* _Task description_: Filter the entries down to the lines holding "color", then copy those lines.
┌──
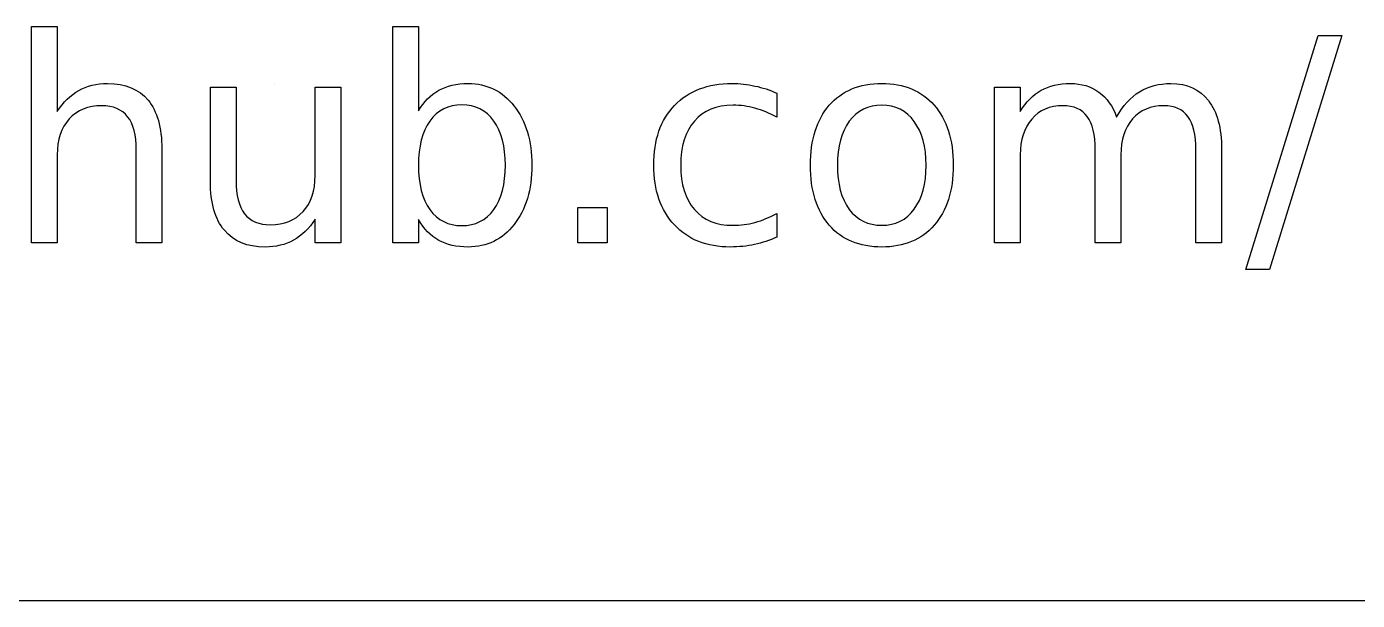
# Model space of a CAD drawing. Extents: x -1 to 378, y 24 to 215.
# Drawn here: x 31.53 to 41.76, y 134.18 to 138.59 of the extents above; entities that cross this region are included whole.
import ezdxf

# ---------------------------------------------------------------- set-up
doc = ezdxf.new("R2010")
doc.units = 0
doc.layers.add('Layer_1', color=7, linetype='CONTINUOUS')

msp = doc.modelspace()

# ---------------------------------------------------------------- linework, layer by layer
at = {"layer": 'Layer_1', "color": 3}
for p, q in [((31.56363, 136.929985), (31.56363, 138.592862)), ((31.56363, 138.592862), (31.761337, 138.592862)), ((31.761337, 138.592862), (31.761337, 137.940961)), ((34.34221, 136.929991), (34.34221, 138.592868)), ((34.34221, 138.592868), (34.539913, 138.592868)), ((34.539913, 138.592868), (34.539913, 137.945239)), ((40.906065, 136.726938), (41.461781, 138.525531)), ((41.643457, 138.525531), (41.087741, 136.726938)), ((41.461781, 138.525531), (41.643457, 138.525531)), ((32.940094, 137.402344), (32.940094, 138.126914)), ((32.940094, 138.126914), (33.136732, 138.126914)), ((33.136732, 138.126914), (33.136732, 137.409827)), ((33.434895, 138.155769), (33.434895, 138.155769)), ((33.745882, 137.448297), (33.745882, 138.126914)), ((33.745882, 138.126914), (33.942521, 138.126914)), ((33.942521, 138.126914), (33.942521, 136.929985)), ((38.105046, 138.155769), (38.105046, 138.155769)), ((38.971805, 136.929985), (38.971805, 138.126914)), ((38.971805, 138.126914), (39.169514, 138.126914)), ((39.169514, 138.126914), (39.169514, 137.940961)), ((37.297117, 138.080985), (37.297117, 138.080961)), ((37.297117, 138.080961), (37.297117, 137.897146)), ((38.105046, 137.989053), (38.105046, 137.989053)), ((39.911178, 137.897171), (39.911116, 137.897146)), ((31.761337, 137.606463), (31.761337, 136.929985)), ((32.369418, 136.929985), (32.369418, 137.646006)), ((32.566056, 137.652423), (32.566056, 137.652417)), ((32.566056, 137.652417), (32.566056, 136.929985)), ((39.169514, 137.606463), (39.169514, 136.929985)), ((39.74657, 136.929985), (39.74657, 137.646006)), ((39.944279, 137.606463), (39.944279, 136.929985)), ((40.521336, 136.929985), (40.521336, 137.646006)), ((40.719045, 137.652417), (40.719045, 136.929985)), ((35.208908, 137.527383), (35.208908, 137.527383)), ((32.940094, 137.402319), (32.940094, 137.402344)), ((35.766763, 137.201436), (35.992254, 137.201436)), ((35.766763, 136.929985), (35.766763, 137.201436)), ((35.992254, 137.201436), (35.992254, 136.929985)), ((33.745882, 136.929985), (33.745882, 137.1138)), ((34.539913, 137.109534), (34.539913, 136.929991)), ((37.297117, 137.157602), (37.297117, 136.975926)), ((31.761337, 136.929985), (31.56363, 136.929985)), ((32.566056, 136.929985), (32.369418, 136.929985)), ((33.942521, 136.929985), (33.745882, 136.929985)), ((34.539913, 136.929991), (34.34221, 136.929991)), ((35.992254, 136.929985), (35.766763, 136.929985)), ((39.169514, 136.929985), (38.971805, 136.929985)), ((39.944279, 136.929985), (39.74657, 136.929985)), ((40.719045, 136.929985), (40.521336, 136.929985)), ((41.087741, 136.726938), (40.906065, 136.726938))]:
    msp.add_line(p, q, dxfattribs=at)
at = {"layer": 'Layer_1', "color": 7}
msp.add_line((23.705706, 134.183046), (63.086896, 134.183046), dxfattribs=at)
at = {"layer": 'Layer_1', "color": 3}
for points in [[(31.926983, 138.102332), (31.991104, 138.137961), (32.064843, 138.155775), (32.1482, 138.155775)], [(32.1482, 138.155775), (32.285704, 138.155775), (32.389723, 138.113027), (32.460256, 138.02753)], [(34.69594, 138.103404), (34.759348, 138.13833), (34.834869, 138.155794), (34.922503, 138.155794)], [(34.922503, 138.155794), (35.067845, 138.155794), (35.185757, 138.098085), (35.276239, 137.982667)], [(36.510566, 137.987974), (36.618147, 138.099829), (36.765268, 138.155756), (36.951931, 138.155756)], [(36.951931, 138.155756), (37.012492, 138.155756), (37.071626, 138.14935), (37.129335, 138.136537)], [(37.129335, 138.136537), (37.187044, 138.124426), (37.242971, 138.105909), (37.297117, 138.080985)], [(37.701078, 137.989053), (37.798686, 138.100197), (37.933341, 138.155769), (38.105046, 138.155769)], [(38.105046, 138.155769), (38.276035, 138.155769), (38.410331, 138.100197), (38.507934, 137.989053)], [(39.330885, 138.103404), (39.393583, 138.13833), (39.468033, 138.155794), (39.554237, 138.155794)], [(39.554237, 138.155794), (39.64116, 138.155794), (39.714899, 138.133707), (39.775456, 138.089535)], [(40.087454, 138.092716), (40.155847, 138.134751), (40.236353, 138.155769), (40.328971, 138.155769)], [(40.328971, 138.155769), (40.453651, 138.155769), (40.549835, 138.111952), (40.617521, 138.024318)], [(31.761337, 137.940961), (31.808359, 138.012921), (31.863574, 138.066711), (31.926983, 138.102332)], [(32.460256, 138.02753), (32.530789, 137.942748), (32.566056, 137.817713), (32.566056, 137.652423)], [(34.539913, 137.945239), (34.581245, 138.016484), (34.633254, 138.069206), (34.69594, 138.103404)], [(39.169514, 137.940961), (39.214397, 138.014343), (39.268188, 138.068491), (39.330885, 138.103404)], [(39.775456, 138.089535), (39.836727, 138.045363), (39.881968, 137.981241), (39.911178, 137.897171)], [(39.911116, 137.897146), (39.960277, 137.98549), (40.019056, 138.05068), (40.087454, 138.092716)], [(40.617521, 138.024318), (40.685203, 137.9374), (40.719045, 137.813433), (40.719045, 137.652417)], [(32.104384, 137.984775), (31.998228, 137.984775), (31.914515, 137.950934), (31.853243, 137.883252)], [(32.30316, 137.900351), (32.258987, 137.956634), (32.192729, 137.984775), (32.104384, 137.984775)], [(34.87441, 137.991192), (34.770392, 137.991192), (34.68846, 137.94987), (34.628615, 137.867225)], [(35.119139, 137.867225), (35.060004, 137.94987), (34.978428, 137.991192), (34.87441, 137.991192)], [(35.276239, 137.982667), (35.367431, 137.86725), (35.413027, 137.715497), (35.413027, 137.527408)], [(36.350267, 137.527371), (36.350267, 137.722581), (36.4037, 137.876116), (36.510566, 137.987974)], [(36.960481, 137.989041), (36.832953, 137.989041), (36.733922, 137.948431), (36.663387, 137.867213)], [(37.129335, 137.965543), (37.073763, 137.981208), (37.017479, 137.989041), (36.960481, 137.989041)], [(37.297117, 137.897146), (37.241545, 137.927773), (37.185618, 137.950572), (37.129335, 137.965543)], [(37.55574, 137.527383), (37.55574, 137.72402), (37.604186, 137.87791), (37.701078, 137.989053)], [(38.105046, 137.989053), (37.999602, 137.989053), (37.916244, 137.947731), (37.854972, 137.865086)], [(38.354046, 137.86402), (38.292775, 137.947375), (38.209775, 137.989053), (38.105046, 137.989053)], [(38.507934, 137.989053), (38.605542, 137.87791), (38.654345, 137.72402), (38.654345, 137.527383)], [(39.497601, 137.984775), (39.397146, 137.984775), (39.317351, 137.950579), (39.258216, 137.882185)], [(39.685687, 137.901424), (39.645057, 137.956991), (39.582362, 137.984775), (39.497601, 137.984775)], [(40.274499, 137.984775), (40.172618, 137.984775), (40.092112, 137.950934), (40.032981, 137.883252)], [(40.460453, 137.901424), (40.419823, 137.956991), (40.357838, 137.984775), (40.274499, 137.984775)], [(31.853243, 137.883252), (31.791972, 137.815569), (31.761337, 137.723307), (31.761337, 137.606463)], [(32.369418, 137.646006), (32.369418, 137.759287), (32.347332, 137.844068), (32.30316, 137.900351)], [(34.628615, 137.867225), (34.56948, 137.785291), (34.539913, 137.672011), (34.539913, 137.527383)], [(35.208908, 137.527383), (35.208908, 137.672011), (35.178985, 137.785291), (35.119139, 137.867225)], [(36.663387, 137.867213), (36.592857, 137.786705), (36.557592, 137.673424), (36.557592, 137.527371)], [(37.854972, 137.865086), (37.793701, 137.783152), (37.763065, 137.670585), (37.763065, 137.527383)], [(38.445954, 137.527383), (38.445954, 137.669163), (38.415318, 137.781375), (38.354046, 137.86402)], [(39.258216, 137.882185), (39.199081, 137.814503), (39.169514, 137.722596), (39.169514, 137.606463)], [(39.74657, 137.646006), (39.74657, 137.761424), (39.726276, 137.846563), (39.685687, 137.901424)], [(40.032981, 137.883252), (39.973847, 137.815569), (39.944279, 137.723307), (39.944279, 137.606463)], [(40.521336, 137.646006), (40.521336, 137.760713), (40.501041, 137.845852), (40.460453, 137.901424)], [(34.539913, 137.527383), (34.539913, 137.382752), (34.56948, 137.269114), (34.628615, 137.186469)], [(35.119139, 137.186469), (35.178985, 137.269114), (35.208908, 137.382752), (35.208908, 137.527383)], [(35.413027, 137.527408), (35.413027, 137.339319), (35.367431, 137.187566), (35.276239, 137.072149)], [(36.509499, 137.068906), (36.403345, 137.182187), (36.350267, 137.335008), (36.350267, 137.527371)], [(36.557592, 137.527371), (36.557592, 137.381318), (36.592857, 137.26768), (36.663387, 137.186457)], [(37.701078, 137.065707), (37.604186, 137.177566), (37.55574, 137.331458), (37.55574, 137.527383)], [(37.763065, 137.527383), (37.763065, 137.384178), (37.793343, 137.271253), (37.8539, 137.188608)], [(38.354046, 137.189681), (38.415318, 137.272325), (38.445954, 137.384893), (38.445954, 137.527383)], [(38.654345, 137.527383), (38.654345, 137.331458), (38.605542, 137.177566), (38.507934, 137.065707)], [(33.046963, 137.027212), (32.975717, 137.112709), (32.940094, 137.237744), (32.940094, 137.402319)], [(33.136732, 137.409827), (33.136732, 137.296546), (33.158818, 137.211407), (33.202991, 137.154409)], [(33.652906, 137.171509), (33.71489, 137.239191), (33.745882, 137.331454), (33.745882, 137.448297)], [(37.8539, 137.188608), (37.915171, 137.106674), (37.998887, 137.065707), (38.105046, 137.065707)], [(38.105046, 137.065707), (38.209775, 137.065707), (38.292775, 137.107032), (38.354046, 137.189681)], [(33.202991, 137.154409), (33.247163, 137.098127), (33.313421, 137.069985), (33.401766, 137.069985)], [(33.401766, 137.069985), (33.507922, 137.069985), (33.591635, 137.103826), (33.652906, 137.171509)], [(33.745882, 137.1138), (33.698147, 137.041129), (33.642575, 136.986983), (33.579167, 136.951362)], [(34.69594, 136.950296), (34.633246, 136.985222), (34.581237, 137.038302), (34.539913, 137.109534)], [(34.628615, 137.186469), (34.68846, 137.104539), (34.770392, 137.063574), (34.87441, 137.063574)], [(34.87441, 137.063574), (34.978428, 137.063574), (35.060004, 137.104539), (35.119139, 137.186469)], [(36.663387, 137.186457), (36.733922, 137.105949), (36.832953, 137.065695), (36.960481, 137.065695)], [(36.960481, 137.065695), (37.017479, 137.065695), (37.073763, 137.073176), (37.129335, 137.088138)], [(37.129335, 137.088138), (37.185618, 137.103804), (37.241545, 137.126958), (37.297117, 137.157602)], [(33.360087, 136.898973), (33.222583, 136.898973), (33.118208, 136.941719), (33.046963, 137.027212)], [(35.276239, 137.072149), (35.185757, 136.956731), (35.067845, 136.899023), (34.922503, 136.899023)], [(36.93911, 136.898985), (36.758858, 136.898985), (36.615654, 136.955626), (36.509499, 137.068906)], [(38.105046, 136.898998), (37.933341, 136.898998), (37.798686, 136.954568), (37.701078, 137.065707)], [(38.507934, 137.065707), (38.410331, 136.954568), (38.276035, 136.898998), (38.105046, 136.898998)], [(33.579167, 136.951362), (33.516471, 136.916436), (33.443444, 136.898973), (33.360087, 136.898973)], [(34.922503, 136.899023), (34.834869, 136.899023), (34.759348, 136.916114), (34.69594, 136.950296)], [(37.12613, 136.918205), (37.067706, 136.905392), (37.005366, 136.898985), (36.93911, 136.898985)], [(37.297117, 136.975926), (37.24226, 136.9503), (37.185265, 136.93106), (37.12613, 136.918205)]]:
    msp.add_open_spline(points, degree=3, dxfattribs=at)

doc.saveas('drawing.dxf')
└──
* _Problem solution_:
doc.layers.add('Layer_1', color=7, linetype='CONTINUOUS')
at = {"layer": 'Layer_1', "color": 3}
at = {"layer": 'Layer_1', "color": 7}
at = {"layer": 'Layer_1', "color": 3}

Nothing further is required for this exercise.